Abstract

Clinical use of olanzapine frequently causes severe hyperglycemia as an adverse effect. In this study, we elucidated mechanisms by which olanzapine reduced insulin secretion using the hamster pancreatic β-cell line HIT-T15. Reverse transcriptional-PCR analysis revealed expression of dopamine (D₂, D₃ and D₄), serotonin (5-HT_2A, 5-HT_2B, 5-HT_2C, and 5-HT₆), and histamine (H₁ and H₂) receptors in HIT-T15 cells. Olanzapine decreased insulin secretion from HIT-T15 cells at clinically relevant concentrations (64–160 nM). A dopamine D₂ agonist, D₃ antagonist, and D₄ antagonist suppressed insulin secretion, whereas a D₂ antagonist and D₃ agonist increased it. A serotonin 5-HT_2B agonist slightly increased insulin secretion, while a 5-HT_2C antagonist slightly decreased it. Other agonists and antagonists for serotonin receptors did not affect insulin secretion.
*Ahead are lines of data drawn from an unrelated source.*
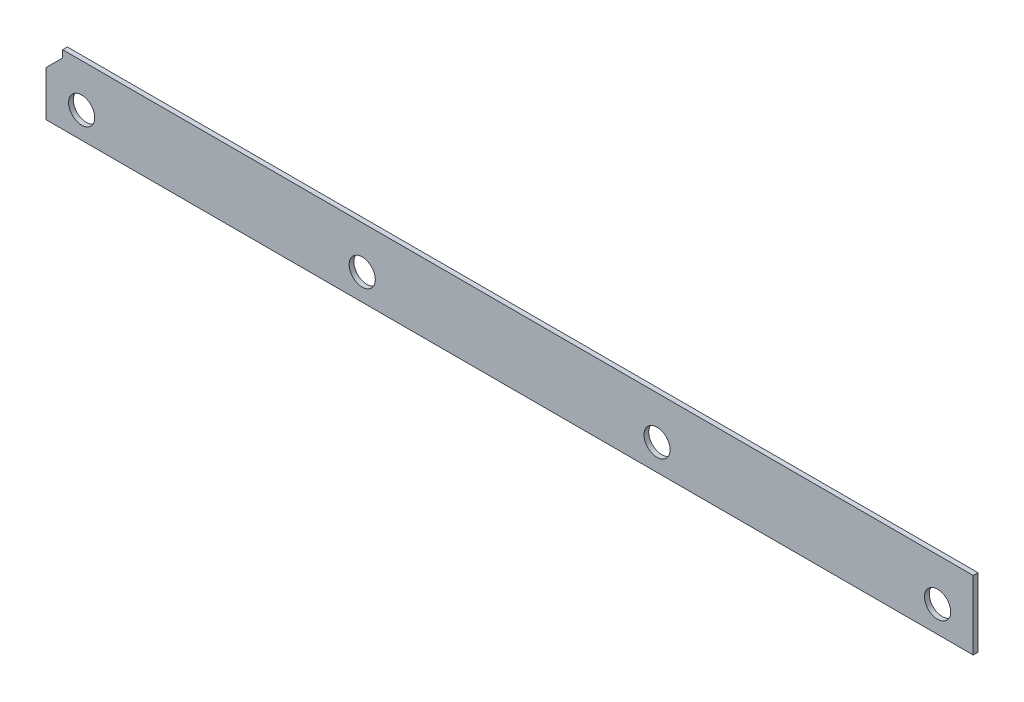
ISO-10303-21;
HEADER;
FILE_DESCRIPTION(('STEP AP214'),'2;1');
FILE_NAME('part.step','',(''),(''),'','','');
FILE_SCHEMA(('AUTOMOTIVE_DESIGN { 1 0 10303 214 1 1 1 1 }'));
ENDSEC;
DATA;
#1=APPLICATION_CONTEXT('core data for automotive mechanical design processes');
#2=APPLICATION_PROTOCOL_DEFINITION('international standard','automotive_design',2000,#1);
#3=PRODUCT_CONTEXT('',#1,'mechanical');
#4=PRODUCT('Part','Part','',(#3));
#5=PRODUCT_RELATED_PRODUCT_CATEGORY('part','',(#4));
#6=PRODUCT_DEFINITION_FORMATION('','',#4);
#7=PRODUCT_DEFINITION_CONTEXT('part definition',#1,'design');
#8=PRODUCT_DEFINITION('design','',#6,#7);
#9=PRODUCT_DEFINITION_SHAPE('','',#8);
#10=(LENGTH_UNIT() NAMED_UNIT(*) SI_UNIT(.MILLI.,.METRE.));
#11=(NAMED_UNIT(*) PLANE_ANGLE_UNIT() SI_UNIT($,.RADIAN.));
#12=(NAMED_UNIT(*) SI_UNIT($,.STERADIAN.) SOLID_ANGLE_UNIT());
#13=UNCERTAINTY_MEASURE_WITH_UNIT(LENGTH_MEASURE(1.E-05),#10,'distance_accuracy_value','');
#14=(GEOMETRIC_REPRESENTATION_CONTEXT(3) GLOBAL_UNCERTAINTY_ASSIGNED_CONTEXT((#13)) GLOBAL_UNIT_ASSIGNED_CONTEXT((#10,
#11,#12)) REPRESENTATION_CONTEXT('',''));
#15=CARTESIAN_POINT('',(0.,0.,0.));
#16=DIRECTION('',(0.,0.,1.));
#17=DIRECTION('',(1.,0.,0.));
#18=AXIS2_PLACEMENT_3D('',#15,#16,#17);
#19=CARTESIAN_POINT('',(0.,0.,1.));
#20=DIRECTION('',(0.,0.,-1.));
#21=DIRECTION('',(-1.,0.,0.));
#22=AXIS2_PLACEMENT_3D('',#19,#20,#21);
#23=PLANE('',#22);
#24=DIRECTION('',(0.,1.,0.));
#25=VECTOR('',#24,1.);
#26=CARTESIAN_POINT('',(97.5,0.,1.));
#27=LINE('',#26,#25);
#28=CARTESIAN_POINT('',(97.5,-14.5,1.));
#29=VERTEX_POINT('',#28);
#30=CARTESIAN_POINT('',(97.5,0.,1.));
#31=VERTEX_POINT('',#30);
#32=EDGE_CURVE('E135',#29,#31,#27,.T.);
#33=ORIENTED_EDGE('',*,*,#32,.T.);
#34=DIRECTION('',(-1.,0.,0.));
#35=VECTOR('',#34,1.);
#36=CARTESIAN_POINT('',(-94.,0.,1.));
#37=LINE('',#36,#35);
#38=CARTESIAN_POINT('',(-94.,0.,1.));
#39=VERTEX_POINT('',#38);
#40=EDGE_CURVE('E93',#31,#39,#37,.T.);
#41=ORIENTED_EDGE('',*,*,#40,.T.);
#42=DIRECTION('',(0.,-1.,0.));
#43=VECTOR('',#42,1.);
#44=CARTESIAN_POINT('',(-94.,-1.5,1.));
#45=LINE('',#44,#43);
#46=CARTESIAN_POINT('',(-94.,-1.5,1.));
#47=VERTEX_POINT('',#46);
#48=EDGE_CURVE('E106',#39,#47,#45,.T.);
#49=ORIENTED_EDGE('',*,*,#48,.T.);
#50=DIRECTION('',(-0.707106781186548,-0.707106781186547,0.));
#51=VECTOR('',#50,1.);
#52=CARTESIAN_POINT('',(-97.5,-5.,1.));
#53=LINE('',#52,#51);
#54=CARTESIAN_POINT('',(-97.5,-5.,1.));
#55=VERTEX_POINT('',#54);
#56=EDGE_CURVE('E100',#47,#55,#53,.T.);
#57=ORIENTED_EDGE('',*,*,#56,.T.);
#58=DIRECTION('',(0.,-1.,0.));
#59=VECTOR('',#58,1.);
#60=CARTESIAN_POINT('',(-97.5,-14.5,1.));
#61=LINE('',#60,#59);
#62=CARTESIAN_POINT('',(-97.5,-14.5,1.));
#63=VERTEX_POINT('',#62);
#64=EDGE_CURVE('E104',#55,#63,#61,.T.);
#65=ORIENTED_EDGE('',*,*,#64,.T.);
#66=DIRECTION('',(1.,0.,0.));
#67=VECTOR('',#66,1.);
#68=CARTESIAN_POINT('',(97.5,-14.5,1.));
#69=LINE('',#68,#67);
#70=EDGE_CURVE('E56',#63,#29,#69,.T.);
#71=ORIENTED_EDGE('',*,*,#70,.T.);
#72=EDGE_LOOP('',(#33,#41,#49,#57,#65,#71));
#73=FACE_BOUND('',#72,.T.);
#74=CARTESIAN_POINT('',(90.,-9.,1.));
#75=DIRECTION('',(0.,0.,1.));
#76=DIRECTION('',(1.,0.,0.));
#77=AXIS2_PLACEMENT_3D('',#74,#75,#76);
#78=CIRCLE('',#77,2.75);
#79=CARTESIAN_POINT('',(92.75,-9.,1.));
#80=VERTEX_POINT('',#79);
#81=EDGE_CURVE('E128',#80,#80,#78,.T.);
#82=ORIENTED_EDGE('',*,*,#81,.F.);
#83=EDGE_LOOP('',(#82));
#84=FACE_BOUND('',#83,.T.);
#85=CARTESIAN_POINT('',(31.,-9.,1.));
#86=DIRECTION('',(0.,0.,1.));
#87=DIRECTION('',(1.,0.,0.));
#88=AXIS2_PLACEMENT_3D('',#85,#86,#87);
#89=CIRCLE('',#88,2.75);
#90=CARTESIAN_POINT('',(33.75,-9.,1.));
#91=VERTEX_POINT('',#90);
#92=EDGE_CURVE('E199',#91,#91,#89,.T.);
#93=ORIENTED_EDGE('',*,*,#92,.F.);
#94=EDGE_LOOP('',(#93));
#95=FACE_BOUND('',#94,.T.);
#96=CARTESIAN_POINT('',(-31.,-9.,1.));
#97=DIRECTION('',(0.,0.,1.));
#98=DIRECTION('',(1.,0.,0.));
#99=AXIS2_PLACEMENT_3D('',#96,#97,#98);
#100=CIRCLE('',#99,2.75);
#101=CARTESIAN_POINT('',(-28.25,-9.,1.));
#102=VERTEX_POINT('',#101);
#103=EDGE_CURVE('E193',#102,#102,#100,.T.);
#104=ORIENTED_EDGE('',*,*,#103,.F.);
#105=EDGE_LOOP('',(#104));
#106=FACE_BOUND('',#105,.T.);
#107=CARTESIAN_POINT('',(-90.,-9.,1.));
#108=DIRECTION('',(0.,0.,1.));
#109=DIRECTION('',(1.,0.,0.));
#110=AXIS2_PLACEMENT_3D('',#107,#108,#109);
#111=CIRCLE('',#110,2.75);
#112=CARTESIAN_POINT('',(-87.25,-9.,1.));
#113=VERTEX_POINT('',#112);
#114=EDGE_CURVE('E184',#113,#113,#111,.T.);
#115=ORIENTED_EDGE('',*,*,#114,.F.);
#116=EDGE_LOOP('',(#115));
#117=FACE_BOUND('',#116,.T.);
#118=ADVANCED_FACE('F39',(#73,#84,#95,#106,#117),#23,.F.);
#119=CARTESIAN_POINT('',(0.,0.,0.));
#120=DIRECTION('',(0.,0.,-1.));
#121=DIRECTION('',(-1.,0.,0.));
#122=AXIS2_PLACEMENT_3D('',#119,#120,#121);
#123=PLANE('',#122);
#124=CARTESIAN_POINT('',(-31.,-9.,0.));
#125=DIRECTION('',(0.,0.,1.));
#126=DIRECTION('',(1.,0.,0.));
#127=AXIS2_PLACEMENT_3D('',#124,#125,#126);
#128=CIRCLE('',#127,2.75);
#129=CARTESIAN_POINT('',(-28.25,-9.,0.));
#130=VERTEX_POINT('',#129);
#131=EDGE_CURVE('E190',#130,#130,#128,.T.);
#132=ORIENTED_EDGE('',*,*,#131,.T.);
#133=EDGE_LOOP('',(#132));
#134=FACE_BOUND('',#133,.T.);
#135=CARTESIAN_POINT('',(90.,-9.,0.));
#136=DIRECTION('',(0.,0.,1.));
#137=DIRECTION('',(1.,0.,0.));
#138=AXIS2_PLACEMENT_3D('',#135,#136,#137);
#139=CIRCLE('',#138,2.75);
#140=CARTESIAN_POINT('',(92.75,-9.,0.));
#141=VERTEX_POINT('',#140);
#142=EDGE_CURVE('E202',#141,#141,#139,.T.);
#143=ORIENTED_EDGE('',*,*,#142,.T.);
#144=EDGE_LOOP('',(#143));
#145=FACE_BOUND('',#144,.T.);
#146=DIRECTION('',(0.,1.,0.));
#147=VECTOR('',#146,1.);
#148=CARTESIAN_POINT('',(97.5,0.,0.));
#149=LINE('',#148,#147);
#150=CARTESIAN_POINT('',(97.5,-14.5,0.));
#151=VERTEX_POINT('',#150);
#152=CARTESIAN_POINT('',(97.5,0.,0.));
#153=VERTEX_POINT('',#152);
#154=EDGE_CURVE('E124',#151,#153,#149,.T.);
#155=ORIENTED_EDGE('',*,*,#154,.F.);
#156=DIRECTION('',(1.,0.,0.));
#157=VECTOR('',#156,1.);
#158=CARTESIAN_POINT('',(97.5,-14.5,0.));
#159=LINE('',#158,#157);
#160=CARTESIAN_POINT('',(-97.5,-14.5,0.));
#161=VERTEX_POINT('',#160);
#162=EDGE_CURVE('E85',#161,#151,#159,.T.);
#163=ORIENTED_EDGE('',*,*,#162,.F.);
#164=DIRECTION('',(0.,-1.,0.));
#165=VECTOR('',#164,1.);
#166=CARTESIAN_POINT('',(-97.5,-14.5,0.));
#167=LINE('',#166,#165);
#168=CARTESIAN_POINT('',(-97.5,-5.,0.));
#169=VERTEX_POINT('',#168);
#170=EDGE_CURVE('E79',#169,#161,#167,.T.);
#171=ORIENTED_EDGE('',*,*,#170,.F.);
#172=DIRECTION('',(-0.707106781186548,-0.707106781186547,0.));
#173=VECTOR('',#172,1.);
#174=CARTESIAN_POINT('',(-97.5,-5.,0.));
#175=LINE('',#174,#173);
#176=CARTESIAN_POINT('',(-94.,-1.5,0.));
#177=VERTEX_POINT('',#176);
#178=EDGE_CURVE('E114',#177,#169,#175,.T.);
#179=ORIENTED_EDGE('',*,*,#178,.F.);
#180=DIRECTION('',(0.,-1.,0.));
#181=VECTOR('',#180,1.);
#182=CARTESIAN_POINT('',(-94.,-1.5,0.));
#183=LINE('',#182,#181);
#184=CARTESIAN_POINT('',(-94.,0.,0.));
#185=VERTEX_POINT('',#184);
#186=EDGE_CURVE('E130',#185,#177,#183,.T.);
#187=ORIENTED_EDGE('',*,*,#186,.F.);
#188=DIRECTION('',(-1.,0.,0.));
#189=VECTOR('',#188,1.);
#190=CARTESIAN_POINT('',(-94.,0.,0.));
#191=LINE('',#190,#189);
#192=EDGE_CURVE('E127',#153,#185,#191,.T.);
#193=ORIENTED_EDGE('',*,*,#192,.F.);
#194=EDGE_LOOP('',(#155,#163,#171,#179,#187,#193));
#195=FACE_BOUND('',#194,.T.);
#196=CARTESIAN_POINT('',(31.,-9.,0.));
#197=DIRECTION('',(0.,0.,1.));
#198=DIRECTION('',(1.,0.,0.));
#199=AXIS2_PLACEMENT_3D('',#196,#197,#198);
#200=CIRCLE('',#199,2.75);
#201=CARTESIAN_POINT('',(33.75,-9.,0.));
#202=VERTEX_POINT('',#201);
#203=EDGE_CURVE('E196',#202,#202,#200,.T.);
#204=ORIENTED_EDGE('',*,*,#203,.T.);
#205=EDGE_LOOP('',(#204));
#206=FACE_BOUND('',#205,.T.);
#207=CARTESIAN_POINT('',(-90.,-9.,0.));
#208=DIRECTION('',(0.,0.,1.));
#209=DIRECTION('',(1.,0.,0.));
#210=AXIS2_PLACEMENT_3D('',#207,#208,#209);
#211=CIRCLE('',#210,2.75);
#212=CARTESIAN_POINT('',(-87.25,-9.,0.));
#213=VERTEX_POINT('',#212);
#214=EDGE_CURVE('E187',#213,#213,#211,.T.);
#215=ORIENTED_EDGE('',*,*,#214,.T.);
#216=EDGE_LOOP('',(#215));
#217=FACE_BOUND('',#216,.T.);
#218=ADVANCED_FACE('F144',(#134,#145,#195,#206,#217),#123,.T.);
#219=CARTESIAN_POINT('',(97.5,0.,1.));
#220=DIRECTION('',(-1.,0.,0.));
#221=DIRECTION('',(0.,0.,1.));
#222=AXIS2_PLACEMENT_3D('',#219,#220,#221);
#223=PLANE('',#222);
#224=ORIENTED_EDGE('',*,*,#154,.T.);
#225=DIRECTION('',(0.,0.,-1.));
#226=VECTOR('',#225,1.);
#227=CARTESIAN_POINT('',(97.5,0.,1.));
#228=LINE('',#227,#226);
#229=EDGE_CURVE('E11',#31,#153,#228,.T.);
#230=ORIENTED_EDGE('',*,*,#229,.F.);
#231=ORIENTED_EDGE('',*,*,#32,.F.);
#232=DIRECTION('',(0.,0.,-1.));
#233=VECTOR('',#232,1.);
#234=CARTESIAN_POINT('',(97.5,-14.5,1.));
#235=LINE('',#234,#233);
#236=EDGE_CURVE('E120',#29,#151,#235,.T.);
#237=ORIENTED_EDGE('',*,*,#236,.T.);
#238=EDGE_LOOP('',(#224,#230,#231,#237));
#239=FACE_BOUND('',#238,.T.);
#240=ADVANCED_FACE('F41',(#239),#223,.F.);
#241=CARTESIAN_POINT('',(-94.,0.,1.));
#242=DIRECTION('',(0.,-1.,0.));
#243=DIRECTION('',(0.,0.,-1.));
#244=AXIS2_PLACEMENT_3D('',#241,#242,#243);
#245=PLANE('',#244);
#246=ORIENTED_EDGE('',*,*,#192,.T.);
#247=DIRECTION('',(0.,0.,-1.));
#248=VECTOR('',#247,1.);
#249=CARTESIAN_POINT('',(-94.,0.,1.));
#250=LINE('',#249,#248);
#251=EDGE_CURVE('E48',#39,#185,#250,.T.);
#252=ORIENTED_EDGE('',*,*,#251,.F.);
#253=ORIENTED_EDGE('',*,*,#40,.F.);
#254=ORIENTED_EDGE('',*,*,#229,.T.);
#255=EDGE_LOOP('',(#246,#252,#253,#254));
#256=FACE_BOUND('',#255,.T.);
#257=ADVANCED_FACE('F266',(#256),#245,.F.);
#258=CARTESIAN_POINT('',(-94.,-1.5,1.));
#259=DIRECTION('',(1.,0.,0.));
#260=DIRECTION('',(0.,0.,-1.));
#261=AXIS2_PLACEMENT_3D('',#258,#259,#260);
#262=PLANE('',#261);
#263=ORIENTED_EDGE('',*,*,#186,.T.);
#264=DIRECTION('',(0.,0.,-1.));
#265=VECTOR('',#264,1.);
#266=CARTESIAN_POINT('',(-94.,-1.5,1.));
#267=LINE('',#266,#265);
#268=EDGE_CURVE('E115',#47,#177,#267,.T.);
#269=ORIENTED_EDGE('',*,*,#268,.F.);
#270=ORIENTED_EDGE('',*,*,#48,.F.);
#271=ORIENTED_EDGE('',*,*,#251,.T.);
#272=EDGE_LOOP('',(#263,#269,#270,#271));
#273=FACE_BOUND('',#272,.T.);
#274=ADVANCED_FACE('F141',(#273),#262,.F.);
#275=CARTESIAN_POINT('',(-97.5,-5.,1.));
#276=DIRECTION('',(0.707106781186547,-0.707106781186548,0.));
#277=DIRECTION('',(0.707106781186548,0.707106781186547,0.));
#278=AXIS2_PLACEMENT_3D('',#275,#276,#277);
#279=PLANE('',#278);
#280=ORIENTED_EDGE('',*,*,#178,.T.);
#281=DIRECTION('',(0.,0.,-1.));
#282=VECTOR('',#281,1.);
#283=CARTESIAN_POINT('',(-97.5,-5.,1.));
#284=LINE('',#283,#282);
#285=EDGE_CURVE('E111',#55,#169,#284,.T.);
#286=ORIENTED_EDGE('',*,*,#285,.F.);
#287=ORIENTED_EDGE('',*,*,#56,.F.);
#288=ORIENTED_EDGE('',*,*,#268,.T.);
#289=EDGE_LOOP('',(#280,#286,#287,#288));
#290=FACE_BOUND('',#289,.T.);
#291=ADVANCED_FACE('F112',(#290),#279,.F.);
#292=CARTESIAN_POINT('',(-97.5,-14.5,1.));
#293=DIRECTION('',(1.,0.,0.));
#294=DIRECTION('',(0.,0.,-1.));
#295=AXIS2_PLACEMENT_3D('',#292,#293,#294);
#296=PLANE('',#295);
#297=ORIENTED_EDGE('',*,*,#170,.T.);
#298=DIRECTION('',(0.,0.,-1.));
#299=VECTOR('',#298,1.);
#300=CARTESIAN_POINT('',(-97.5,-14.5,1.));
#301=LINE('',#300,#299);
#302=EDGE_CURVE('E116',#63,#161,#301,.T.);
#303=ORIENTED_EDGE('',*,*,#302,.F.);
#304=ORIENTED_EDGE('',*,*,#64,.F.);
#305=ORIENTED_EDGE('',*,*,#285,.T.);
#306=EDGE_LOOP('',(#297,#303,#304,#305));
#307=FACE_BOUND('',#306,.T.);
#308=ADVANCED_FACE('F118',(#307),#296,.F.);
#309=CARTESIAN_POINT('',(97.5,-14.5,1.));
#310=DIRECTION('',(0.,1.,0.));
#311=DIRECTION('',(0.,0.,1.));
#312=AXIS2_PLACEMENT_3D('',#309,#310,#311);
#313=PLANE('',#312);
#314=ORIENTED_EDGE('',*,*,#162,.T.);
#315=ORIENTED_EDGE('',*,*,#236,.F.);
#316=ORIENTED_EDGE('',*,*,#70,.F.);
#317=ORIENTED_EDGE('',*,*,#302,.T.);
#318=EDGE_LOOP('',(#314,#315,#316,#317));
#319=FACE_BOUND('',#318,.T.);
#320=ADVANCED_FACE('F149',(#319),#313,.F.);
#321=CARTESIAN_POINT('',(90.,-9.,1.));
#322=DIRECTION('',(0.,0.,-1.));
#323=DIRECTION('',(-1.,0.,0.));
#324=AXIS2_PLACEMENT_3D('',#321,#322,#323);
#325=CYLINDRICAL_SURFACE('',#324,2.75);
#326=ORIENTED_EDGE('',*,*,#81,.T.);
#327=EDGE_LOOP('',(#326));
#328=FACE_BOUND('',#327,.T.);
#329=ORIENTED_EDGE('',*,*,#142,.F.);
#330=EDGE_LOOP('',(#329));
#331=FACE_BOUND('',#330,.T.);
#332=ADVANCED_FACE('F151',(#328,#331),#325,.F.);
#333=CARTESIAN_POINT('',(31.,-9.,1.));
#334=DIRECTION('',(0.,0.,-1.));
#335=DIRECTION('',(-1.,0.,0.));
#336=AXIS2_PLACEMENT_3D('',#333,#334,#335);
#337=CYLINDRICAL_SURFACE('',#336,2.75);
#338=ORIENTED_EDGE('',*,*,#92,.T.);
#339=EDGE_LOOP('',(#338));
#340=FACE_BOUND('',#339,.T.);
#341=ORIENTED_EDGE('',*,*,#203,.F.);
#342=EDGE_LOOP('',(#341));
#343=FACE_BOUND('',#342,.T.);
#344=ADVANCED_FACE('F157',(#340,#343),#337,.F.);
#345=CARTESIAN_POINT('',(-31.,-9.,1.));
#346=DIRECTION('',(0.,0.,-1.));
#347=DIRECTION('',(-1.,0.,0.));
#348=AXIS2_PLACEMENT_3D('',#345,#346,#347);
#349=CYLINDRICAL_SURFACE('',#348,2.75);
#350=ORIENTED_EDGE('',*,*,#103,.T.);
#351=EDGE_LOOP('',(#350));
#352=FACE_BOUND('',#351,.T.);
#353=ORIENTED_EDGE('',*,*,#131,.F.);
#354=EDGE_LOOP('',(#353));
#355=FACE_BOUND('',#354,.T.);
#356=ADVANCED_FACE('F171',(#352,#355),#349,.F.);
#357=CARTESIAN_POINT('',(-90.,-9.,1.));
#358=DIRECTION('',(0.,0.,-1.));
#359=DIRECTION('',(-1.,0.,0.));
#360=AXIS2_PLACEMENT_3D('',#357,#358,#359);
#361=CYLINDRICAL_SURFACE('',#360,2.75);
#362=ORIENTED_EDGE('',*,*,#114,.T.);
#363=EDGE_LOOP('',(#362));
#364=FACE_BOUND('',#363,.T.);
#365=ORIENTED_EDGE('',*,*,#214,.F.);
#366=EDGE_LOOP('',(#365));
#367=FACE_BOUND('',#366,.T.);
#368=ADVANCED_FACE('F175',(#364,#367),#361,.F.);
#369=CLOSED_SHELL('',(#118,#218,#240,#257,#274,#291,#308,#320,#332,#344,#356,#368));
#370=MANIFOLD_SOLID_BREP('B2',#369);
#371=ADVANCED_BREP_SHAPE_REPRESENTATION('',(#18,#370),#14);
#372=SHAPE_DEFINITION_REPRESENTATION(#9,#371);
ENDSEC;
END-ISO-10303-21;

A histamine H₁ agonist increased insulin secretion, whereas an H₁ antagonist and H₂ agonist suppressed it. Our results suggest that dopamine (D₂, D₃ and D₄), serotonin (5-HT_2B and 5-HT_2C), and histamine (H₁ and H₂) receptors, which are expressed on pancreatic β-cells, directly modulate insulin secretion from pancreatic β-cells. Thus, olanzapine may induce hyperglycemia in clinical settings by suppressing insulin secretion from pancreatic β-cells through inhibition of dopamine D₃, serotonin 5-HT_2B and 5-HT_2C, and histamine H₁ receptors.